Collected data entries
%%

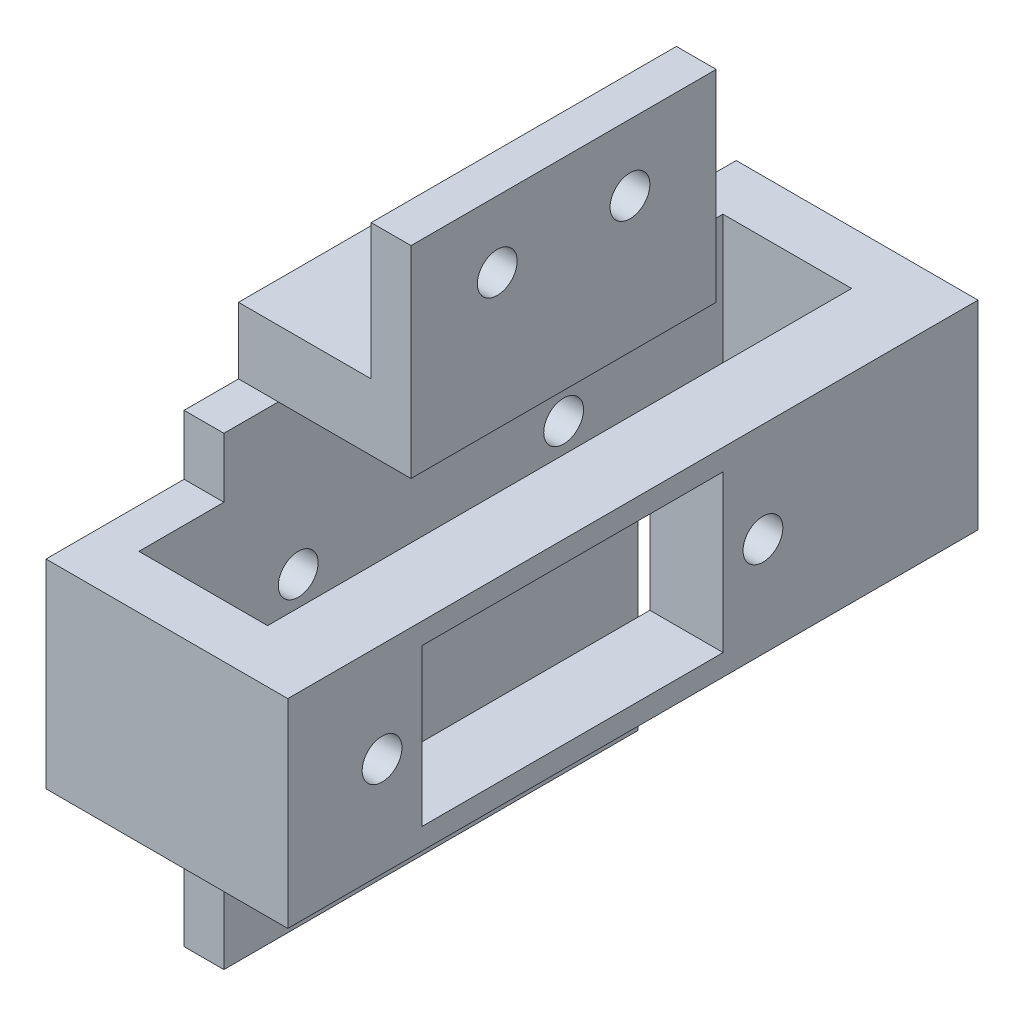
from build123d import *

# Parameters (mm, degrees)
ESQUISSE1_W             = 23
ESQUISSE1_H             = 15.2
ESQUISSE1_R             = 1.5
BOSS_EXTRU_1_DEPTH      = 3
ESQUISSE2_W             = 23
ESQUISSE2_H             = 5
BOSS_EXTRU_2_DEPTH      = 10
ESQUISSE4_W             = 3
ESQUISSE4_H             = 31.2
BOSS_EXTRU_3_DEPTH      = 35
CONG_1_R                = 10
ESQUISSE7_W             = 10.405823793
ESQUISSE7_H             = 15
BOSS_EXTRU_4_DEPTH      = 3
ESQUISSE8_W             = 4
ESQUISSE8_H             = 15
BOSS_EXTRU_5_DEPTH      = 9.7
ESQUISSE9_W             = 26.005823793
ESQUISSE9_H             = 15
BOSS_EXTRU_6_DEPTH      = 5.52
ESQUISSE10_R            = 1.5
ENL_V_MAT_EXTRU_2_DEPTH = 5.52
ESQUISSE5_R             = 1.5
ENL_V_MAT_EXTRU_3_DEPTH = 10


with BuildPart() as part:
    # Esquisse1 → Boss.-Extru.1 (new body)
    with BuildSketch(Plane(origin=(0, 0, 0), x_dir=(0, 0, -1), z_dir=(1, 0, 0))):
        with Locations((11.5, -7.6)):
            Rectangle(ESQUISSE1_W, ESQUISSE1_H)
        with Locations((6.5, -5)):
            Circle(ESQUISSE1_R, mode=Mode.SUBTRACT)
        with Locations(Location((16.5, -5, 0), (0, 0, 180))):
            Circle(ESQUISSE1_R, mode=Mode.SUBTRACT)
    extrude(amount=BOSS_EXTRU_1_DEPTH)

    # Esquisse2 → Boss.-Extru.2 (add)
    with BuildSketch(Plane.ZY):
        with Locations((-11.5, -12.7)):
            Rectangle(ESQUISSE2_W, ESQUISSE2_H)
    boss_extru_2 = extrude(amount=BOSS_EXTRU_2_DEPTH)

    # Esquisse4 → Boss.-Extru.3 (add)
    with BuildSketch(Plane.XZ.offset(15.2)):
        with Locations((-8.5, -11.5)):
            Rectangle(ESQUISSE4_W, ESQUISSE4_H)
    boss_extru_3 = extrude(amount=BOSS_EXTRU_3_DEPTH)

    # Congé1
    cong_1_edges = [part.edges().sort_by_distance(p)[0] for p in [
        (-8.5, -50.2, -27.1),
        (-8.5, -50.2, 4.1),
    ]]
    fillet(cong_1_edges, radius=CONG_1_R)

    # Esquisse7 → Boss.-Extru.4 (add, through all)
    with BuildSketch(Plane(origin=(-7, 0, 0), x_dir=(0, 0, -1), z_dir=(1, 0, 0))):
        with Locations((-9.302911897, -27.2)):
            Rectangle(ESQUISSE7_W, ESQUISSE7_H)
    boss_extru_4 = extrude(amount=-BOSS_EXTRU_4_DEPTH)

    # Esquisse8 → Boss.-Extru.5 (add)
    with BuildSketch(Plane(origin=(-7, 0, 0), x_dir=(0, 0, -1), z_dir=(1, 0, 0))):
        with Locations((-12.505823793, -27.2)):
            Rectangle(ESQUISSE8_W, ESQUISSE8_H)
    boss_extru_5 = extrude(amount=BOSS_EXTRU_5_DEPTH)

    # Esquisse9 → Boss.-Extru.6 (add)
    with BuildSketch(Plane(origin=(2.7, 0, 0), x_dir=(0, 0, -1), z_dir=(1, 0, 0))):
        with Locations((-1.502911897, -27.2)):
            Rectangle(ESQUISSE9_W, ESQUISSE9_H)
    boss_extru_6 = extrude(amount=BOSS_EXTRU_6_DEPTH)

    # Symétrie1: Boss.-Extru.2, Boss.-Extru.3, Boss.-Extru.4, Boss.-Extru.5, Boss.-Extru.6 across plane
    add(boss_extru_2.mirror(Plane(origin=(8.22, -19.7, -11.5), x_dir=(1, 0, 0), z_dir=(0, 0, 1))))
    add(boss_extru_3.mirror(Plane(origin=(8.22, -19.7, -11.5), x_dir=(1, 0, 0), z_dir=(0, 0, 1))))
    add(boss_extru_4.mirror(Plane(origin=(8.22, -19.7, -11.5), x_dir=(1, 0, 0), z_dir=(0, 0, 1))))
    add(boss_extru_5.mirror(Plane(origin=(8.22, -19.7, -11.5), x_dir=(1, 0, 0), z_dir=(0, 0, 1))))
    add(boss_extru_6.mirror(Plane(origin=(8.22, -19.7, -11.5), x_dir=(1, 0, 0), z_dir=(0, 0, 1))))

    # Esquisse10 → Enlèv. mat.-Extru.2 (cut)
    with BuildSketch(Plane(origin=(8.22, 0, 0), x_dir=(0, 0, -1), z_dir=(1, 0, 0))):
        with BuildLine():
            ThreePointArc((3, -27.2), (1.5, -25.7), (0, -27.2))
            Line((0, -27.2), (3, -27.2))
        make_face()
        with BuildLine():
            Line((3, -27.2), (0, -27.2))
            ThreePointArc((0, -27.2), (1.5, -28.7), (3, -27.2))
        make_face()
        with BuildLine():
            Line((-4.4, -21.3), (-4.4, -27.2))
            Line((-4.4, -27.2), (0, -27.2))
            ThreePointArc((0, -27.2), (1.5, -25.7), (3, -27.2))
            Line((3, -27.2), (18.3, -27.2))
            Line((18.3, -27.2), (18.3, -21.3))
            Line((18.3, -21.3), (-4.4, -21.3))
        make_face()
        with BuildLine():
            Line((0, -27.2), (-4.4, -27.2))
            Line((-4.4, -27.2), (-4.4, -33.1))
            Line((-4.4, -33.1), (18.3, -33.1))
            Line((18.3, -33.1), (18.3, -27.2))
            Line((18.3, -27.2), (3, -27.2))
            ThreePointArc((3, -27.2), (1.5, -28.7), (0, -27.2))
        make_face()
        with Locations((-7.4, -27.2)):
            Circle(ESQUISSE10_R)
        with Locations((21.3, -27.2)):
            Circle(ESQUISSE10_R)
    extrude(amount=-ENL_V_MAT_EXTRU_2_DEPTH, mode=Mode.SUBTRACT)

    # Esquisse5 → Enlèv. mat.-Extru.3 (cut)
    with BuildSketch(Plane(origin=(-7, 0, 0), x_dir=(0, 0, -1), z_dir=(1, 0, 0))):
        with Locations((6.5, -45.2)):
            Circle(ESQUISSE5_R)
        with Locations((1.5, -27.2)):
            Circle(ESQUISSE5_R)
        with Locations((16.5, -45.2)):
            Circle(ESQUISSE5_R)
        with Locations((21.5, -27.2)):
            Circle(ESQUISSE5_R)
    extrude(amount=-ENL_V_MAT_EXTRU_3_DEPTH, mode=Mode.SUBTRACT)


solid = part.part
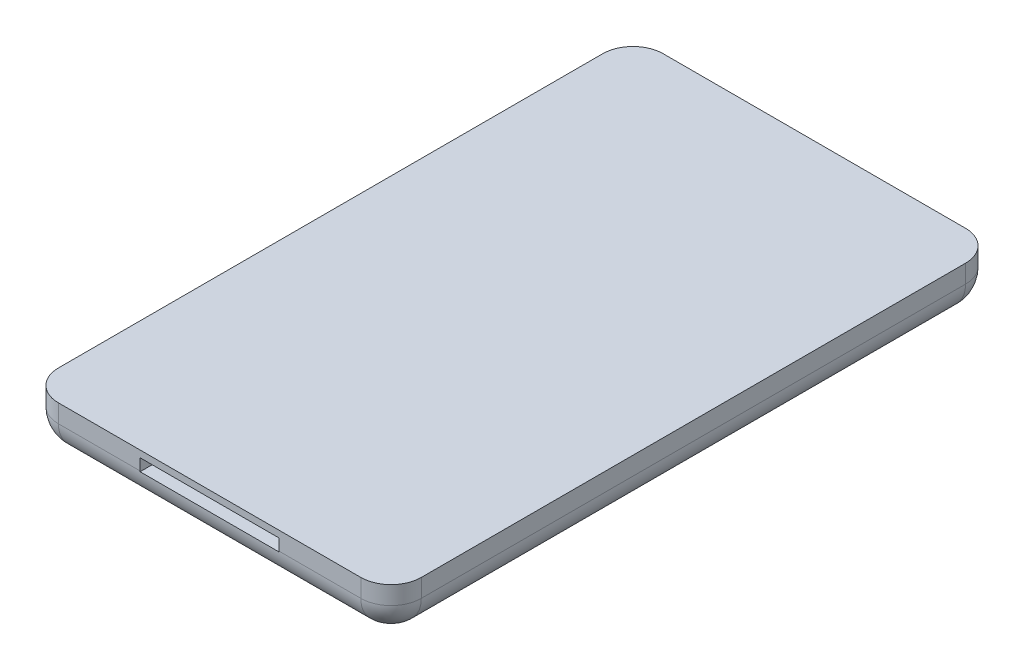
from build123d import *

# Parameters (mm, degrees)
BOSS_EXTRUDE1_DEPTH = 4
FILLET1_R           = 5
SKETCH4_W           = 23
SKETCH4_H           = 2
CUT_EXTRUDE1_DEPTH  = 3
SKETCH5_R           = 1.5
CUT_EXTRUDE2_DEPTH  = 5
CUT_EXTRUDE3_DEPTH  = 1


with BuildPart() as part:
    # Sketch1 → Boss-Extrude1 (new, symmetric)
    with BuildSketch(Plane(origin=(0, 0, 0), x_dir=(1, 0, 0), z_dir=(0, 1, 0))):
        with BuildLine():
            Line((25, -50), (-25, -50))
            ThreePointArc((-25, -50), (-28.535533906, -48.535533906), (-30, -45))
            Line((-30, -45), (-30, 45))
            ThreePointArc((-30, 45), (-28.535533906, 48.535533906), (-25, 50))
            Line((-25, 50), (25, 50))
            ThreePointArc((25, 50), (28.535533906, 48.535533906), (30, 45))
            Line((30, 45), (30, -45))
            ThreePointArc((30, -45), (28.535533906, -48.535533906), (25, -50))
        make_face()
    extrude(amount=BOSS_EXTRUDE1_DEPTH, both=True)

    # Fillet1
    fillet1_edges = [part.edges().sort_by_distance(p)[0] for p in [
        (28.535533906, -4, 48.535533906),
        (30, -4, 0),
        (28.535533906, -4, -48.535533906),
        (0, -4, -50),
        (-28.535533906, -4, -48.535533906),
        (-30, -4, 0),
        (-28.535533906, -4, 48.535533906),
        (0, -4, 50),
    ]]
    fillet(fillet1_edges, radius=FILLET1_R)

    # Sketch4 → Cut-Extrude1 (cut)
    with BuildSketch(Plane.XY.offset(50)):
        with Locations((0, 1.884621544)):
            Rectangle(SKETCH4_W, SKETCH4_H)
    extrude(amount=-CUT_EXTRUDE1_DEPTH, mode=Mode.SUBTRACT)

    # Sketch5 → Cut-Extrude2 (cut)
    with BuildSketch(Plane.ZY.offset(30)):
        with Locations((-43, 1)):
            Circle(SKETCH5_R)
    extrude(amount=-CUT_EXTRUDE2_DEPTH, mode=Mode.SUBTRACT)

    # Sketch6 → Cut-Extrude3 (cut)
    with BuildSketch(Plane.ZY.offset(30)):
        with BuildLine():
            Line((34.15, 2.5), (43.15, 2.5))
            ThreePointArc((43.15, 2.5), (44.65, 1), (43.15, -0.5))
            Line((43.15, -0.5), (34.15, -0.5))
            ThreePointArc((34.15, -0.5), (32.65, 1), (34.15, 2.5))
        make_face()
    extrude(amount=-CUT_EXTRUDE3_DEPTH, mode=Mode.SUBTRACT)


solid = part.part
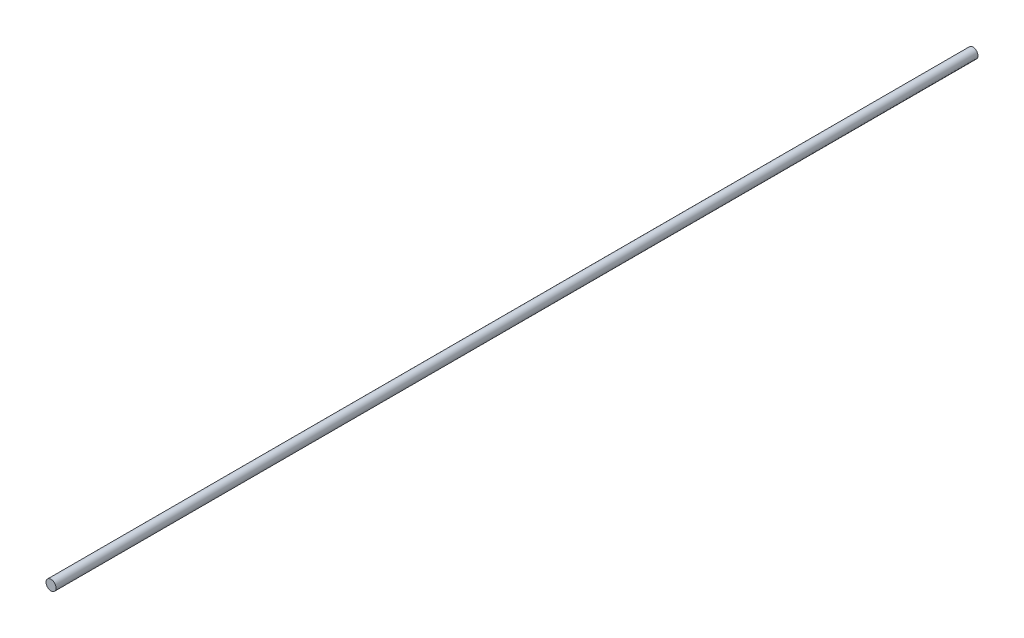
from build123d import *

# Parameters (mm, degrees)
SKETCH1_R           = 6.1
BOSS_EXTRUDE1_DEPTH = 560


with BuildPart() as part:
    # Sketch1 → Boss-Extrude1 (new, symmetric)
    with BuildSketch(Plane.XY):
        Circle(SKETCH1_R)
    extrude(amount=BOSS_EXTRUDE1_DEPTH, both=True)


solid = part.part
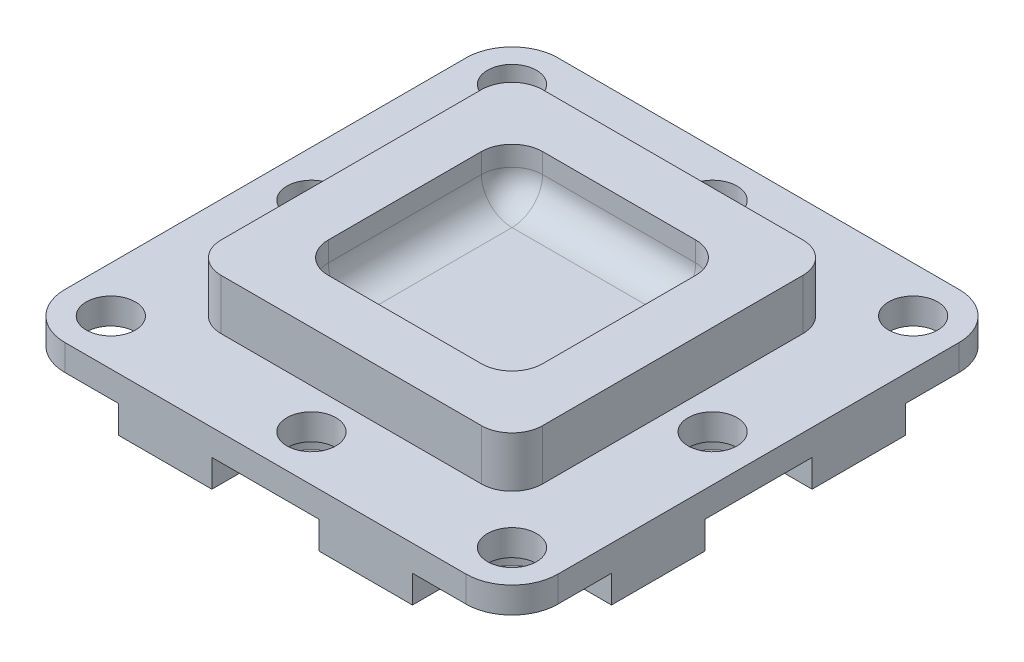
from build123d import *

# Parameters (mm, degrees)
SKETCH1_W           = 32.2
SKETCH1_H           = 32.2
BOSS_EXTRUDE1_DEPTH = 3.5
SKETCH2_W           = 21
SKETCH2_H           = 21
BOSS_EXTRUDE3_DEPTH = 3.3
FILLET1_R           = 3
FILLET2_R           = 2
SKETCH10_W          = 14
SKETCH10_H          = 14
CUT_EXTRUDE2_DEPTH  = 3.3
FILLET3_R           = 2
SKETCH9_R           = 1.6
CUT_EXTRUDE1_DEPTH  = 7
SKETCH11_R          = 1.6
CUT_EXTRUDE3_DEPTH  = 24.762575618
CUT_EXTRUDE5_DEPTH  = 1.8
CUT_EXTRUDE6_DEPTH  = 0.5


with BuildPart() as part:
    # Sketch1 → Boss-Extrude1 (new body)
    with BuildSketch(Plane(origin=(0, 0, 0), x_dir=(1, 0, 0), z_dir=(0, 1, 0))):
        Rectangle(SKETCH1_W, SKETCH1_H)
    extrude(amount=BOSS_EXTRUDE1_DEPTH)

    # Sketch2 → Boss-Extrude3 (add)
    with BuildSketch(Plane(origin=(0, 3.5, 0), x_dir=(1, 0, 0), z_dir=(0, 1, 0))):
        Rectangle(SKETCH2_W, SKETCH2_H)
    extrude(amount=BOSS_EXTRUDE3_DEPTH)

    # Fillet1
    fillet1_edges = [part.edges().sort_by_distance(p)[0] for p in [
        (16.1, 1.75, 16.1),
        (-16.1, 1.75, 16.1),
        (-16.1, 1.75, -16.1),
        (16.1, 1.75, -16.1),
    ]]
    fillet(fillet1_edges, radius=FILLET1_R)

    # Fillet2
    fillet2_edges = [part.edges().sort_by_distance(p)[0] for p in [
        (10.5, 5.15, 10.5),
        (10.5, 5.15, -10.5),
        (-10.5, 5.15, -10.5),
        (-10.5, 5.15, 10.5),
    ]]
    fillet(fillet2_edges, radius=FILLET2_R)

    # Sketch10 → Cut-Extrude2 (cut)
    with BuildSketch(Plane(origin=(0, 6.8, 0), x_dir=(1, 0, 0), z_dir=(0, 1, 0))):
        Rectangle(SKETCH10_W, SKETCH10_H)
    extrude(amount=-CUT_EXTRUDE2_DEPTH, mode=Mode.SUBTRACT)

    # Fillet3
    fillet3_edges = [part.edges().sort_by_distance(p)[0] for p in [
        (0, 3.5, -7),
        (-7, 5.15, -7),
        (-7, 3.5, 0),
        (-7, 5.15, 7),
        (0, 3.5, 7),
        (7, 5.15, 7),
        (7, 3.5, 0),
        (7, 5.15, -7),
    ]]
    fillet(fillet3_edges, radius=FILLET3_R)

    # Sketch9 → Cut-Extrude1 (cut)
    with BuildSketch(Plane(origin=(0, 3.5, 0), x_dir=(1, 0, 0), z_dir=(0, 1, 0))):
        with Locations(Location((0, 13.1, 0), (0, 0, 270))):
            Circle(SKETCH9_R)
        with Locations(Location((13.1, 0, 0), (0, 0, 270))):
            Circle(SKETCH9_R)
        with Locations(Location((0, -13.1, 0), (0, 0, 270))):
            Circle(SKETCH9_R)
        with Locations(Location((-13.1, 0, 0), (0, 0, 270))):
            Circle(SKETCH9_R)
    extrude(amount=-CUT_EXTRUDE1_DEPTH, mode=Mode.SUBTRACT)

    # Sketch11 → Cut-Extrude3 (cut, through all)
    with BuildSketch(Plane.XZ):
        with Locations(Location((-13.1, 13.1, 0), (0, 0, 270))):
            Circle(SKETCH11_R)
        with Locations(Location((13.1, 13.1, 0), (0, 0, 270))):
            Circle(SKETCH11_R)
        with Locations(Location((13.1, -13.1, 0), (0, 0, 270))):
            Circle(SKETCH11_R)
        with Locations(Location((-13.1, -13.1, 0), (0, 0, 270))):
            Circle(SKETCH11_R)
    extrude(amount=-CUT_EXTRUDE3_DEPTH, mode=Mode.SUBTRACT)

    # Sketch12 → Cut-Extrude5 (cut)
    with BuildSketch(Plane.XZ):
        with BuildLine():
            Line((-13.1, 9.6), (-16.1, 9.6))
            Line((-16.1, 9.6), (-16.1, 16.1))
            Line((-16.1, 16.1), (-9.6, 16.1))
            Line((-9.6, 16.1), (-9.6, 13.1))
            ThreePointArc((-9.6, 13.1), (-10.625126266, 10.625126266), (-13.1, 9.6))
        make_face()
        with BuildLine():
            Line((-3.5, 13.1), (-3.5, 16.1))
            Line((-3.5, 16.1), (3.5, 16.1))
            Line((3.5, 16.1), (3.5, 13.1))
            ThreePointArc((3.5, 13.1), (0, 9.6), (-3.5, 13.1))
        make_face()
        with BuildLine():
            Line((13.1, 3.5), (16.1, 3.5))
            Line((16.1, 3.5), (16.1, -3.5))
            Line((16.1, -3.5), (13.1, -3.5))
            ThreePointArc((13.1, -3.5), (9.6, 0), (13.1, 3.5))
        make_face()
        with BuildLine():
            Line((3.5, -13.1), (3.5, -16.1))
            Line((3.5, -16.1), (-3.5, -16.1))
            Line((-3.5, -16.1), (-3.5, -13.1))
            ThreePointArc((-3.5, -13.1), (0, -9.6), (3.5, -13.1))
        make_face()
        with BuildLine():
            Line((-13.1, -3.5), (-16.1, -3.5))
            Line((-16.1, -3.5), (-16.1, 3.5))
            Line((-16.1, 3.5), (-13.1, 3.5))
            ThreePointArc((-13.1, 3.5), (-9.6, 0), (-13.1, -3.5))
        make_face()
        with BuildLine():
            Line((9.6, 13.1), (9.6, 16.1))
            Line((9.6, 16.1), (16.1, 16.1))
            Line((16.1, 16.1), (16.1, 9.6))
            Line((16.1, 9.6), (13.1, 9.6))
            ThreePointArc((13.1, 9.6), (10.625126266, 10.625126266), (9.6, 13.1))
        make_face()
        with BuildLine():
            Line((13.1, -9.6), (16.1, -9.6))
            Line((16.1, -9.6), (16.1, -16.1))
            Line((16.1, -16.1), (9.6, -16.1))
            Line((9.6, -16.1), (9.6, -13.1))
            ThreePointArc((9.6, -13.1), (10.625126266, -10.625126266), (13.1, -9.6))
        make_face()
        with BuildLine():
            Line((-9.6, -13.1), (-9.6, -16.1))
            Line((-9.6, -16.1), (-16.1, -16.1))
            Line((-16.1, -16.1), (-16.1, -9.6))
            Line((-16.1, -9.6), (-13.1, -9.6))
            ThreePointArc((-13.1, -9.6), (-10.625126266, -10.625126266), (-9.6, -13.1))
        make_face()
    extrude(amount=-CUT_EXTRUDE5_DEPTH, mode=Mode.SUBTRACT)

    # Sketch13 → Cut-Extrude6 (cut)
    # profile 1 of 6: a face of its own
    with BuildSketch(Plane(origin=(0, 0, 0), x_dir=(-1, 0, 0), z_dir=(0, -1, 0))):
        with BuildLine():
            add(Edge.make_bspline(
                [(-3.374888958, -0.575719771), (-3.353910365, -0.592843), (-3.312166011, -0.626915741), (-3.245070547, -0.671708656), (-3.175802228, -0.712439804), (-3.127253594, -0.734927656), (-3.102973374, -0.746174317)],
                knots=[0, 0, 0, 0, 1.00866874, 2.00710438, 3.003309844, 4, 4, 4, 4], degree=3))
            Line((-3.102973374, -0.746174317), (-3.22756753, -1.021336654))
            add(Edge.make_bspline(
                [(-3.22756753, -1.021336654), (-3.252748596, -1.011665292), (-3.304075792, -0.991951912), (-3.351797169, -0.964635024), (-3.376106491, -0.950719771)],
                knots=[0, 0, 0, 0, 0.981197824, 2, 2, 2, 2], degree=3))
            add(Edge.make_bspline(
                [(-3.376106491, -0.950719771), (-3.378546656, -0.949103953), (-3.385523996, -0.944483728), (-3.398956827, -0.935063), (-3.4183981, -0.920800488), (-3.443942113, -0.901692247), (-3.47556492, -0.877879475), (-3.512829919, -0.848751255), (-3.556805929, -0.815703153), (-3.587979338, -0.791793214), (-3.60459675, -0.779047693)],
                knots=[0, 0, 0, 0, 0.245733965, 0.702644866, 1.377434016, 2.270258751, 3.381183773, 4.701231263, 6.241546137, 8, 8, 8, 8], degree=3))
            add(Edge.make_bspline(
                [(-3.60459675, -0.779047693), (-3.618300093, -0.786018401), (-3.64569084, -0.79995171), (-3.688570898, -0.817168408), (-3.732496042, -0.832426458), (-3.778079583, -0.844577823), (-3.825295009, -0.853789145), (-3.873909342, -0.860734788), (-3.923922732, -0.864891407), (-3.957673379, -0.865290731), (-3.97472662, -0.865492498)],
                knots=[0, 0, 0, 0, 0.96057198, 1.920026713, 2.885388124, 3.865852884, 4.865850518, 5.890708888, 6.934235263, 8, 8, 8, 8], degree=3))
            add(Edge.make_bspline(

%%

Your instructions: Would you filter the entries above and keep each line that has the word "Rectangle"?

Answer for the task:
            Rectangle(ESQUISSE1_W, ESQUISSE1_H)
            Rectangle(ESQUISSE2_W, ESQUISSE2_H)
            Rectangle(ESQUISSE4_W, ESQUISSE4_H)
            Rectangle(ESQUISSE7_W, ESQUISSE7_H)
            Rectangle(ESQUISSE8_W, ESQUISSE8_H)
            Rectangle(ESQUISSE9_W, ESQUISSE9_H)
            Rectangle(SKETCH4_W, SKETCH4_H)
        Rectangle(SKETCH1_W, SKETCH1_H)
        Rectangle(SKETCH2_W, SKETCH2_H)
        Rectangle(SKETCH10_W, SKETCH10_H)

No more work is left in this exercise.